I suspect that even the "callowest" of youth at some level are very aware (even unconciously) of the larger meaning of mohawks, punk fashion, and flags.
Perhaps so. I wonder about the bikers who wore swastikas in the '60s. I suspect they were partly inherited war trophies, and partly just about sticking it to the squares. Maybe a bit more was about saying, "I reserve the right to do the most offensive things you can imagine, and screw you if you don't like it."
Was anything left for true racism or anti-Semitism? Maybe, sometimes. Some of them might have meant that too. But I don't know. These days I meet young men, currently in their 20s and 30s, who are absolutely committed to anti-racism and progressivism. They still sometimes tell me racist jokes, assuming (unfairly) that a Southerner will be game for it. I think the thrill of violating the social norms is really important at times. I don't even doubt their sincerity of commitment, politically, to anti-racism or gay rights or whatever.
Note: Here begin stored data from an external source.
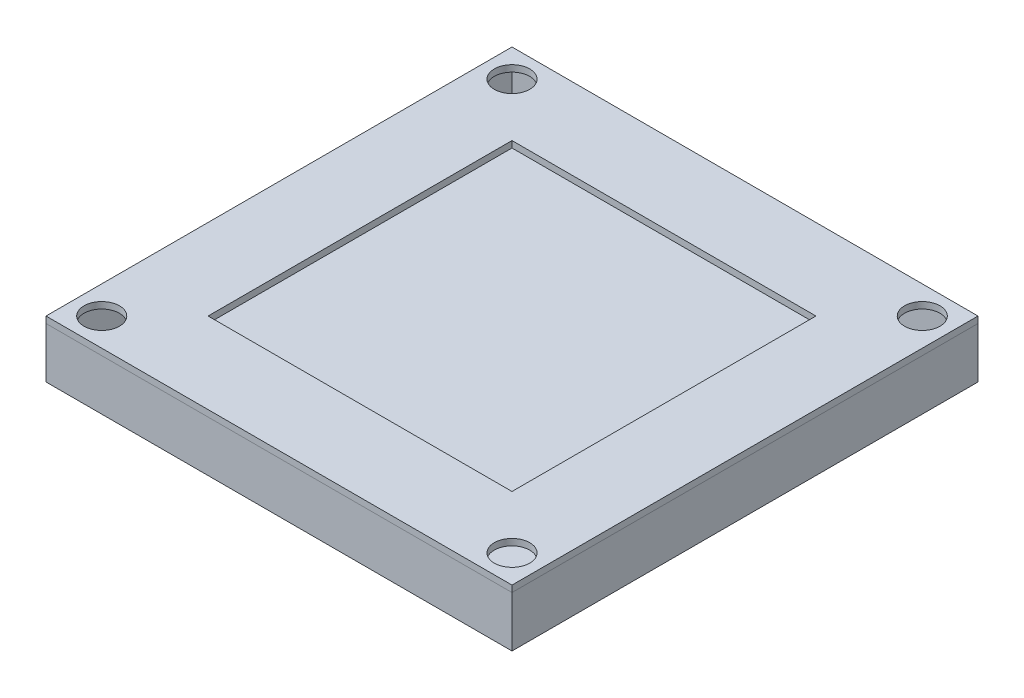
ISO-10303-21;
HEADER;
FILE_DESCRIPTION(('STEP AP214'),'2;1');
FILE_NAME('part.step','',(''),(''),'','','');
FILE_SCHEMA(('AUTOMOTIVE_DESIGN { 1 0 10303 214 1 1 1 1 }'));
ENDSEC;
DATA;
#1=APPLICATION_CONTEXT('core data for automotive mechanical design processes');
#2=APPLICATION_PROTOCOL_DEFINITION('international standard','automotive_design',2000,#1);
#3=PRODUCT_CONTEXT('',#1,'mechanical');
#4=PRODUCT('Part','Part','',(#3));
#5=PRODUCT_RELATED_PRODUCT_CATEGORY('part','',(#4));
#6=PRODUCT_DEFINITION_FORMATION('','',#4);
#7=PRODUCT_DEFINITION_CONTEXT('part definition',#1,'design');
#8=PRODUCT_DEFINITION('design','',#6,#7);
#9=PRODUCT_DEFINITION_SHAPE('','',#8);
#10=(LENGTH_UNIT() NAMED_UNIT(*) SI_UNIT(.MILLI.,.METRE.));
#11=(NAMED_UNIT(*) PLANE_ANGLE_UNIT() SI_UNIT($,.RADIAN.));
#12=(NAMED_UNIT(*) SI_UNIT($,.STERADIAN.) SOLID_ANGLE_UNIT());
#13=UNCERTAINTY_MEASURE_WITH_UNIT(LENGTH_MEASURE(1.E-05),#10,'distance_accuracy_value','');
#14=(GEOMETRIC_REPRESENTATION_CONTEXT(3) GLOBAL_UNCERTAINTY_ASSIGNED_CONTEXT((#13)) GLOBAL_UNIT_ASSIGNED_CONTEXT((#10,
#11,#12)) REPRESENTATION_CONTEXT('',''));
#15=CARTESIAN_POINT('',(0.,0.,0.));
#16=DIRECTION('',(0.,0.,1.));
#17=DIRECTION('',(1.,0.,0.));
#18=AXIS2_PLACEMENT_3D('',#15,#16,#17);
#19=CARTESIAN_POINT('',(0.,35.814,0.));
#20=DIRECTION('',(0.,1.,0.));
#21=DIRECTION('',(0.,0.,1.));
#22=AXIS2_PLACEMENT_3D('',#19,#20,#21);
#23=PLANE('',#22);
#24=CARTESIAN_POINT('',(128.5875,35.814,128.5875));
#25=DIRECTION('',(0.,1.,0.));
#26=DIRECTION('',(0.,0.,1.));
#27=AXIS2_PLACEMENT_3D('',#24,#25,#26);
#28=CIRCLE('',#27,11.1125);
#29=CARTESIAN_POINT('',(128.5875,35.814,139.7));
#30=VERTEX_POINT('',#29);
#31=EDGE_CURVE('E154',#30,#30,#28,.T.);
#32=ORIENTED_EDGE('',*,*,#31,.F.);
#33=EDGE_LOOP('',(#32));
#34=FACE_BOUND('',#33,.T.);
#35=CARTESIAN_POINT('',(-128.5875,35.814,-128.5875));
#36=DIRECTION('',(0.,1.,0.));
#37=DIRECTION('',(0.,0.,1.));
#38=AXIS2_PLACEMENT_3D('',#35,#36,#37);
#39=CIRCLE('',#38,11.1125);
#40=CARTESIAN_POINT('',(-128.5875,35.814,-117.475));
#41=VERTEX_POINT('',#40);
#42=EDGE_CURVE('E166',#41,#41,#39,.T.);
#43=ORIENTED_EDGE('',*,*,#42,.F.);
#44=EDGE_LOOP('',(#43));
#45=FACE_BOUND('',#44,.T.);
#46=DIRECTION('',(1.,0.,0.));
#47=VECTOR('',#46,1.);
#48=CARTESIAN_POINT('',(-146.05,35.814,146.05));
#49=LINE('',#48,#47);
#50=CARTESIAN_POINT('',(-146.05,35.814,146.05));
#51=VERTEX_POINT('',#50);
#52=CARTESIAN_POINT('',(146.05,35.814,146.05));
#53=VERTEX_POINT('',#52);
#54=EDGE_CURVE('E172',#51,#53,#49,.T.);
#55=ORIENTED_EDGE('',*,*,#54,.T.);
#56=DIRECTION('',(0.,0.,-1.));
#57=VECTOR('',#56,1.);
#58=CARTESIAN_POINT('',(146.05,35.814,146.05));
#59=LINE('',#58,#57);
#60=CARTESIAN_POINT('',(146.05,35.814,-146.05));
#61=VERTEX_POINT('',#60);
#62=EDGE_CURVE('E175',#53,#61,#59,.T.);
#63=ORIENTED_EDGE('',*,*,#62,.T.);
#64=DIRECTION('',(-1.,0.,0.));
#65=VECTOR('',#64,1.);
#66=CARTESIAN_POINT('',(146.05,35.814,-146.05));
#67=LINE('',#66,#65);
#68=CARTESIAN_POINT('',(-146.05,35.814,-146.05));
#69=VERTEX_POINT('',#68);
#70=EDGE_CURVE('E178',#61,#69,#67,.T.);
#71=ORIENTED_EDGE('',*,*,#70,.T.);
#72=DIRECTION('',(0.,0.,1.));
#73=VECTOR('',#72,1.);
#74=CARTESIAN_POINT('',(-146.05,35.814,-146.05));
#75=LINE('',#74,#73);
#76=EDGE_CURVE('E180',#69,#51,#75,.T.);
#77=ORIENTED_EDGE('',*,*,#76,.T.);
#78=EDGE_LOOP('',(#55,#63,#71,#77));
#79=FACE_BOUND('',#78,.T.);
#80=CARTESIAN_POINT('',(-128.5875,35.814,128.5875));
#81=DIRECTION('',(0.,1.,0.));
#82=DIRECTION('',(0.,0.,1.));
#83=AXIS2_PLACEMENT_3D('',#80,#81,#82);
#84=CIRCLE('',#83,11.1125);
#85=CARTESIAN_POINT('',(-128.5875,35.814,139.7));
#86=VERTEX_POINT('',#85);
#87=EDGE_CURVE('E160',#86,#86,#84,.T.);
#88=ORIENTED_EDGE('',*,*,#87,.F.);
#89=EDGE_LOOP('',(#88));
#90=FACE_BOUND('',#89,.T.);
#91=CARTESIAN_POINT('',(128.5875,35.814,-128.5875));
#92=DIRECTION('',(0.,1.,0.));
#93=DIRECTION('',(0.,0.,1.));
#94=AXIS2_PLACEMENT_3D('',#91,#92,#93);
#95=CIRCLE('',#94,11.1125);
#96=CARTESIAN_POINT('',(128.5875,35.814,-117.475));
#97=VERTEX_POINT('',#96);
#98=EDGE_CURVE('E148',#97,#97,#95,.T.);
#99=ORIENTED_EDGE('',*,*,#98,.F.);
#100=EDGE_LOOP('',(#99));
#101=FACE_BOUND('',#100,.T.);
#102=DIRECTION('',(-1.,0.,0.));
#103=VECTOR('',#102,1.);
#104=CARTESIAN_POINT('',(-95.25,35.814,-95.2499999999999));
#105=LINE('',#104,#103);
#106=CARTESIAN_POINT('',(95.25,35.814,-95.2499999999999));
#107=VERTEX_POINT('',#106);
#108=CARTESIAN_POINT('',(-95.25,35.814,-95.2499999999999));
#109=VERTEX_POINT('',#108);
#110=EDGE_CURVE('E120',#107,#109,#105,.T.);
#111=ORIENTED_EDGE('',*,*,#110,.F.);
#112=DIRECTION('',(0.,0.,-1.));
#113=VECTOR('',#112,1.);
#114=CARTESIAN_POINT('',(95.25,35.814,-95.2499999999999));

They just need to show that they aren't zombies, in an age when most all the time they're afraid to say anything out of line.
The swastikas are an excellent example. I would go a step farther. It was an invitation to fight. Knock this chip off my shoulder, puke. I/we do what we want.
I had forgotten that years ago, much of the outrage at Bike Week in Laconia was precisely about this. Swastikas, German helmets with spikes, satanic names. All of it was "I dare ya to say anything about it."
I was never for any of those symbolic methods of provocation, but I'll tell you honestly: at twenty, I loved a man who'd fight me better than a brother. And I'd ever despise any man who slunk away.
So maybe there's something else going on. Maybe it's something about natural selection, or evolution. Maybe it's just that young bucks need to fight, and this is the flag they'll fight for. Today it's the swastika, tomorrow the rebel flag, the day after that the University of Cowtown or Yale.